Carcinoma; Hepatocellular; Transplantation, Liver; Selection Criteria; Expanded criteria; Biomarker

Country

Republic of Korea

Language

English

Abstract

There has been ongoing debate that the Milan criteria may be too strict that a significant number of patients who could benefit from liver transplantation (LT) might have been excluded. Based on this idea, various studies have been conducted to further expand the Milan criteria and give more HCC patients a chance of cure. In deceased donor LT (DDLT) setting, expansion of the criteria is relatively tempered because the results of LT for HCC should be comparable to those of patients with non-malignant indications.
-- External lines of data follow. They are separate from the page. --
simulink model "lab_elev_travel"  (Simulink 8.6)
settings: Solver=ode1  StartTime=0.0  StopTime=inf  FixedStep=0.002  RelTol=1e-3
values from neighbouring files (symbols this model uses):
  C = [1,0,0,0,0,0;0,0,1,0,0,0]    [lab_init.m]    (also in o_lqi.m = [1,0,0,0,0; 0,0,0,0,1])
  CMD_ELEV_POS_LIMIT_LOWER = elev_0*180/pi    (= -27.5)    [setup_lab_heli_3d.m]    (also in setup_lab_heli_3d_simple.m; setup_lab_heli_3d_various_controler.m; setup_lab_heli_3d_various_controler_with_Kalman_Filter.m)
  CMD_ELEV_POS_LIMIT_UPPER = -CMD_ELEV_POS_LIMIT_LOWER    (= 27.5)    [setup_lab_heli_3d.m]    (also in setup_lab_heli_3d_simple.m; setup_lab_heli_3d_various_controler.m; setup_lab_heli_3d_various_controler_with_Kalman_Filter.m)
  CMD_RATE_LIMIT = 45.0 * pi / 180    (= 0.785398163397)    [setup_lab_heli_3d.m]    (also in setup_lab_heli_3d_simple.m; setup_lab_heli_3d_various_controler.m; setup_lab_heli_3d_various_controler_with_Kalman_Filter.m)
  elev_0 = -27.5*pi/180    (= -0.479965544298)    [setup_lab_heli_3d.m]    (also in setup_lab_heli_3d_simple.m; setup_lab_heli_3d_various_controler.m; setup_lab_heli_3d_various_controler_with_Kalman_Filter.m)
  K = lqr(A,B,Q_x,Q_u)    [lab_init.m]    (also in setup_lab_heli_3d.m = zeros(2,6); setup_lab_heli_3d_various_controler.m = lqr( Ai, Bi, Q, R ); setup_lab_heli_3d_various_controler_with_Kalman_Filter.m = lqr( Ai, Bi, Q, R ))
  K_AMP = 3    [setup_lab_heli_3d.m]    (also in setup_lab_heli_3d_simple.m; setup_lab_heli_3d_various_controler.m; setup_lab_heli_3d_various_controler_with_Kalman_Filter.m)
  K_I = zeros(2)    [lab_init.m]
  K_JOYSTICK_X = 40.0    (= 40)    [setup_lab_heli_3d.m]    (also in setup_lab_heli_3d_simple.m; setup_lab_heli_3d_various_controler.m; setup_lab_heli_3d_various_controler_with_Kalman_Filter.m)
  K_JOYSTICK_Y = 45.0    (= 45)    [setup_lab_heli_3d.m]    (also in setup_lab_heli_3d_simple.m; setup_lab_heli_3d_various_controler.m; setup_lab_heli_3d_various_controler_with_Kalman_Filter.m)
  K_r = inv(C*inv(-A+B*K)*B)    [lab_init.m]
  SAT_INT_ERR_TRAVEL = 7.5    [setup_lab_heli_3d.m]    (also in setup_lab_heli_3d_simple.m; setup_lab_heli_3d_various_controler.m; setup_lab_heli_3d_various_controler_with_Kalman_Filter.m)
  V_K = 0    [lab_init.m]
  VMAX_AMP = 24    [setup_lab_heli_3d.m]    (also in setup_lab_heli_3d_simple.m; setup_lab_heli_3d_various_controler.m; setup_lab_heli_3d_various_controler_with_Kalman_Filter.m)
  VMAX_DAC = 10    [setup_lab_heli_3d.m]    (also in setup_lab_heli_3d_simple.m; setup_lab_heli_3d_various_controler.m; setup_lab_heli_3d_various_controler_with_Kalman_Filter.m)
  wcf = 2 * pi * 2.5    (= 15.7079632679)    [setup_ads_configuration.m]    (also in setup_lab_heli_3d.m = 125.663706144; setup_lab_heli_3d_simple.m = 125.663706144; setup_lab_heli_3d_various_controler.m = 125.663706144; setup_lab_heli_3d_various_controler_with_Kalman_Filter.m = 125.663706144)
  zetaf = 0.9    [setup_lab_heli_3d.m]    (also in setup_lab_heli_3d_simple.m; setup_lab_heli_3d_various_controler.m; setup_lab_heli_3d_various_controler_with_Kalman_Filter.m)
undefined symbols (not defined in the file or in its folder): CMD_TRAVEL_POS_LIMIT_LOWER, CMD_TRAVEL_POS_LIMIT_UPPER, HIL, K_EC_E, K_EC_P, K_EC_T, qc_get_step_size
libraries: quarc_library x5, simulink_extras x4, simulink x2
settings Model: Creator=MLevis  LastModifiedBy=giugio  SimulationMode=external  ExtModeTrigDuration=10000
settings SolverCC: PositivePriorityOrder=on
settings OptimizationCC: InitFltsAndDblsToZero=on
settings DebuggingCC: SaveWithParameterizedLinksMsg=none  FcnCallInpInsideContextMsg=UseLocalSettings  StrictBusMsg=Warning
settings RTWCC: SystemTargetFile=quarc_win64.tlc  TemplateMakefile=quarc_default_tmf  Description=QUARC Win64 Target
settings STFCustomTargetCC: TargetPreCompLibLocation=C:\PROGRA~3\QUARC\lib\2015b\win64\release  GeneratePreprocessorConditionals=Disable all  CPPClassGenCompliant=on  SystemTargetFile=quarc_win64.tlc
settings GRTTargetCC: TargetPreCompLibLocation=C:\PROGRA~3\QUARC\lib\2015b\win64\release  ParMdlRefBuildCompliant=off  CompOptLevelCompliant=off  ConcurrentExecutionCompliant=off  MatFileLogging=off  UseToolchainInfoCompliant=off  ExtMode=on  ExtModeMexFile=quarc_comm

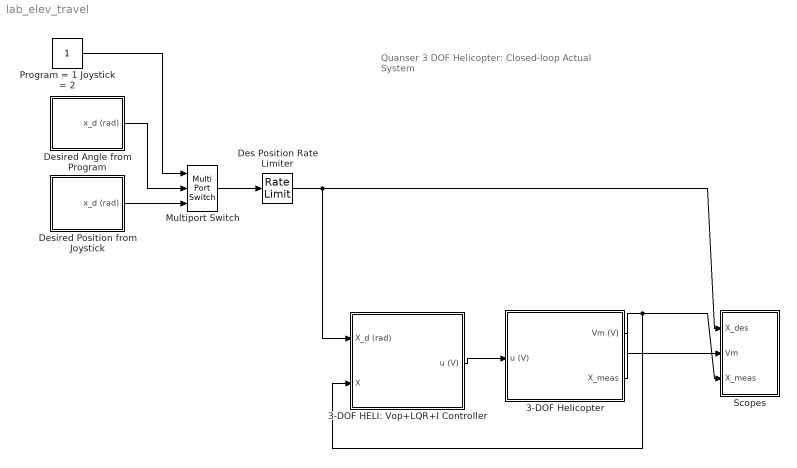
== system lab_elev_travel ==
  note: Quanser 3 DOF Helicopter:
      | Closed-loop Actual System
  3-DOF HELI: Vop+LQR+I Controller : Subsystem
  3-DOF Helicopter : Subsystem
  Des Position Rate Limiter : RateLimiter  RisingSlewLimit=CMD_RATE_LIMIT  FallingSlewLimit=-CMD_RATE_LIMIT  SampleTimeMode=inherited
  Desired Angle from Program : Subsystem
  Desired Position from Joystick : Subsystem
  Multiport Switch : MultiPortSwitch  Inputs=2
  Program = 1 Joystick = 2 : Constant
  Scopes : Subsystem
  wires:
  3-DOF Helicopter/1(Vm (V)) -> Scopes/2(Vm)
  3-DOF Helicopter/2(X_meas) -> Scopes/3(X_meas), 3-DOF HELI: Vop+LQR+I Controller/2(X)
  Des Position Rate Limiter/1 -> Scopes/1(X_des), 3-DOF HELI: Vop+LQR+I Controller/1(X_d (rad))
  Program = 1 Joystick = 2/1 -> Multiport Switch/1
  Desired Angle from Program/1(x_d (rad)) -> Multiport Switch/2
  Desired Position from Joystick/1(x_d (rad)) -> Multiport Switch/3
  Multiport Switch/1 -> Des Position Rate Limiter/1
  3-DOF HELI: Vop+LQR+I Controller/1(u (V)) -> 3-DOF Helicopter/1(u (V))

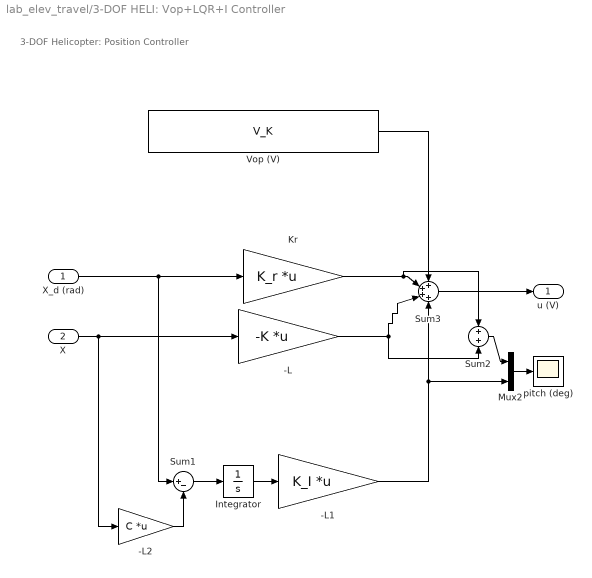
== system lab_elev_travel/3-DOF HELI: Vop+LQR+I Controller ==
  note: 3-DOF Helicopter: Position Controller
  X_d (rad) : Inport
  X : Inport  Port=2
  -L : Gain  Gain=-K  Multiplication=Matrix(K*u)
  -L1 : Gain  Gain=K_I  Multiplication=Matrix(K*u)
  -L2 : Gain  Gain=C  Multiplication=Matrix(K*u)
  Integrator : Integrator  LimitOutput=on  UpperSaturationLimit=SAT_INT_ERR_TRAVEL  LowerSaturationLimit=-SAT_INT_ERR_TRAVEL
  Kr : Gain  Gain=K_r  Multiplication=Matrix(K*u)
  Mux2 : Mux  Inputs=2
  Sum1 : Sum  Inputs=|+-
  Sum2 : Sum
  Sum3 : Sum  Inputs=++++
  Vop (V) : Constant  Value=V_K
  pitch (deg) : Scope
  u (V) : Outport
  wires:
  X_d (rad)/1 -> Kr/1, Sum1/1
  X/1 -> -L/1, -L2/1
  Sum3/1 -> u (V)/1
  Vop (V)/1 -> Sum3/1
  Kr/1 -> Sum3/2, Sum2/1
  -L/1 -> Sum3/3, Sum2/2
  -L1/1 -> Sum3/4, Mux2/2
  Integrator/1 -> -L1/1
  Sum1/1 -> Integrator/1
  -L2/1 -> Sum1/2
  Sum2/1 -> Mux2/1
  Mux2/1 -> pitch (deg)/1

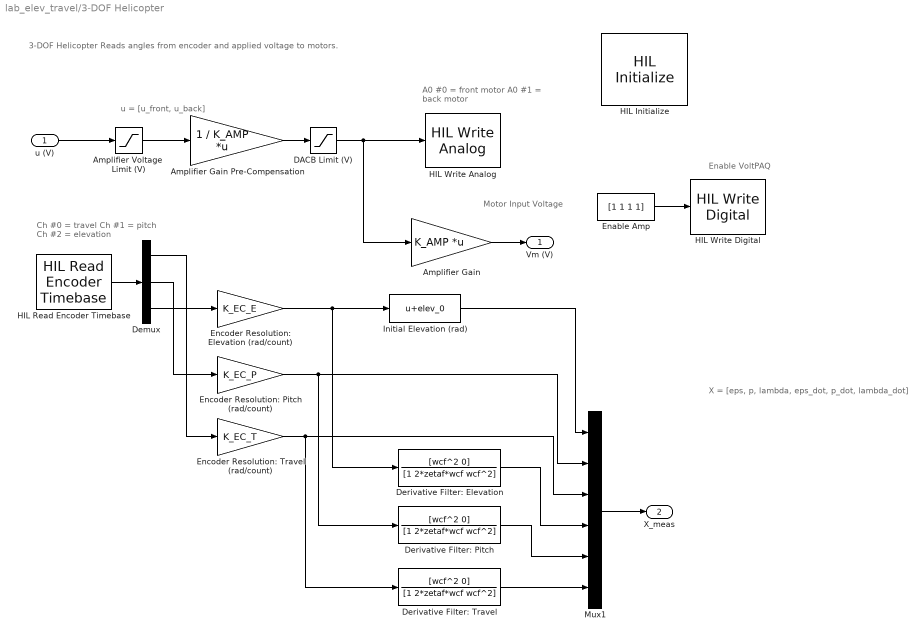
== system lab_elev_travel/3-DOF Helicopter ==
  note: A0 #0 = front motor
      | A0 #1 = back motor
  note: u = [u_front, u_back]
  note: Motor Input Voltage
  note: 3-DOF Helicopter
      | Reads angles from encoder and applied voltage to motors.
  note: Ch #0 = travel
      | Ch #1 = pitch
      | Ch #2 = elevation
  note: X = [eps, p, lambda, eps_dot, p_dot, lambda_dot]
  note: Enable VoltPAQ
  u (V) : Inport
  Amplifier Gain : Gain  Gain=K_AMP  Multiplication=Matrix(K*u)  SaturateOnIntegerOverflow=on  OutDataTypeStr=Inherit: Same as input  ParamDataTypeStr=Inherit: Same as input
  Amplifier Gain Pre-Compensation : Gain  Gain=1 / K_AMP  Multiplication=Matrix(K*u)  SaturateOnIntegerOverflow=on  OutDataTypeStr=Inherit: Same as input  ParamDataTypeStr=Inherit: Same as input
  Amplifier Voltage  Limit (V) : Saturate  UpperLimit=VMAX_AMP  LowerLimit=-VMAX_AMP
  DACB Limit (V) : Saturate  UpperLimit=VMAX_DAC  LowerLimit=-VMAX_DAC
  Demux : Demux  Outputs=3
  Derivative Filter: Elevation : TransferFcn  Numerator=[wcf^2 0]  Denominator=[1 2*zetaf*wcf wcf^2]
  Derivative Filter: Pitch : TransferFcn  Numerator=[wcf^2 0]  Denominator=[1 2*zetaf*wcf wcf^2]
  Derivative Filter: Travel : TransferFcn  Numerator=[wcf^2 0]  Denominator=[1 2*zetaf*wcf wcf^2]
  Enable Amp : Constant  Value=[1 1 1 1]
  Encoder Resolution: Elevation (rad/count) : Gain  Gain=K_EC_E
  Encoder Resolution: Pitch (rad/count) : Gain  Gain=K_EC_P
  Encoder Resolution: Travel (rad/count) : Gain  Gain=K_EC_T
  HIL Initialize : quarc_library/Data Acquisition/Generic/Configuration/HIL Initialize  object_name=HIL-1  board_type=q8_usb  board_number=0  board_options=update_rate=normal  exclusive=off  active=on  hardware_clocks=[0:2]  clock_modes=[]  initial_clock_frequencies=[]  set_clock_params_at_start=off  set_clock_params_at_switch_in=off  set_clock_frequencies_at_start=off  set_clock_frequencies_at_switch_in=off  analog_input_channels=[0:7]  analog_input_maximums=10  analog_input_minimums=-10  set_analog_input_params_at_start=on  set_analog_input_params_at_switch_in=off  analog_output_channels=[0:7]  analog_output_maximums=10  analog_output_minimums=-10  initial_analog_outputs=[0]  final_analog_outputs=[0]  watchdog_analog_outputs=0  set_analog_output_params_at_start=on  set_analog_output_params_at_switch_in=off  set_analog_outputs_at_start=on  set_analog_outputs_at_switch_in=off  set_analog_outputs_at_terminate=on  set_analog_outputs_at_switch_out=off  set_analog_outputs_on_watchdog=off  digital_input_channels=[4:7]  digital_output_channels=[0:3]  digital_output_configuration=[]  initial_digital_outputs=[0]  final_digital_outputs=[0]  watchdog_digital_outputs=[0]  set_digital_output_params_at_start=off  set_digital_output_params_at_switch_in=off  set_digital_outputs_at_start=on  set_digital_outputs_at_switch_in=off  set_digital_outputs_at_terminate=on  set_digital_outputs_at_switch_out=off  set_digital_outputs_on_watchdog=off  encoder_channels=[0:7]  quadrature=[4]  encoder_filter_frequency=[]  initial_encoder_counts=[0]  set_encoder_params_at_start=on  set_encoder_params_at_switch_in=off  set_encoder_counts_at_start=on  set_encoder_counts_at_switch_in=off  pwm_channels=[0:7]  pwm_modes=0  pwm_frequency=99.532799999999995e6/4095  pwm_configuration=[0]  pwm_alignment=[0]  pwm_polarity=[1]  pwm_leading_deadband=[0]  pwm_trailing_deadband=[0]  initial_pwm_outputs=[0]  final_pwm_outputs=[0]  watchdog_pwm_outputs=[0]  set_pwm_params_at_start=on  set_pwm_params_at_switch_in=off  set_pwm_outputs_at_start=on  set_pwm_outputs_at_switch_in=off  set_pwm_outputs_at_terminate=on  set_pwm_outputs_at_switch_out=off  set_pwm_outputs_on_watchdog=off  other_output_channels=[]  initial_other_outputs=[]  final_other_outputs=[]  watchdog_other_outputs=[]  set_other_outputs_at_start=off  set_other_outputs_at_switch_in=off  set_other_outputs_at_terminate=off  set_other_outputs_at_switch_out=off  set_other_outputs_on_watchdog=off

On the other hand, in living donor LT (LDLT) situation, liver grafts are not public resources. The acceptable target outcomes for LDLT might be much lower than those for DDLT. Patients with biologically favorable tumors might have excellent survivals after LT despite morphological advanced HCCs. Therefore, the significance and utility of biological tumor parameters for selecting suitable LT candidates have been increased to predict HCC recurrence after LT. Although there is no consensus regarding the use of prognostic biomarkers in LT selection criteria for HCC, the combination of conventional morphological parameters and new promising biomarkers could help us refine and expand the LT criteria for HCC in the near future.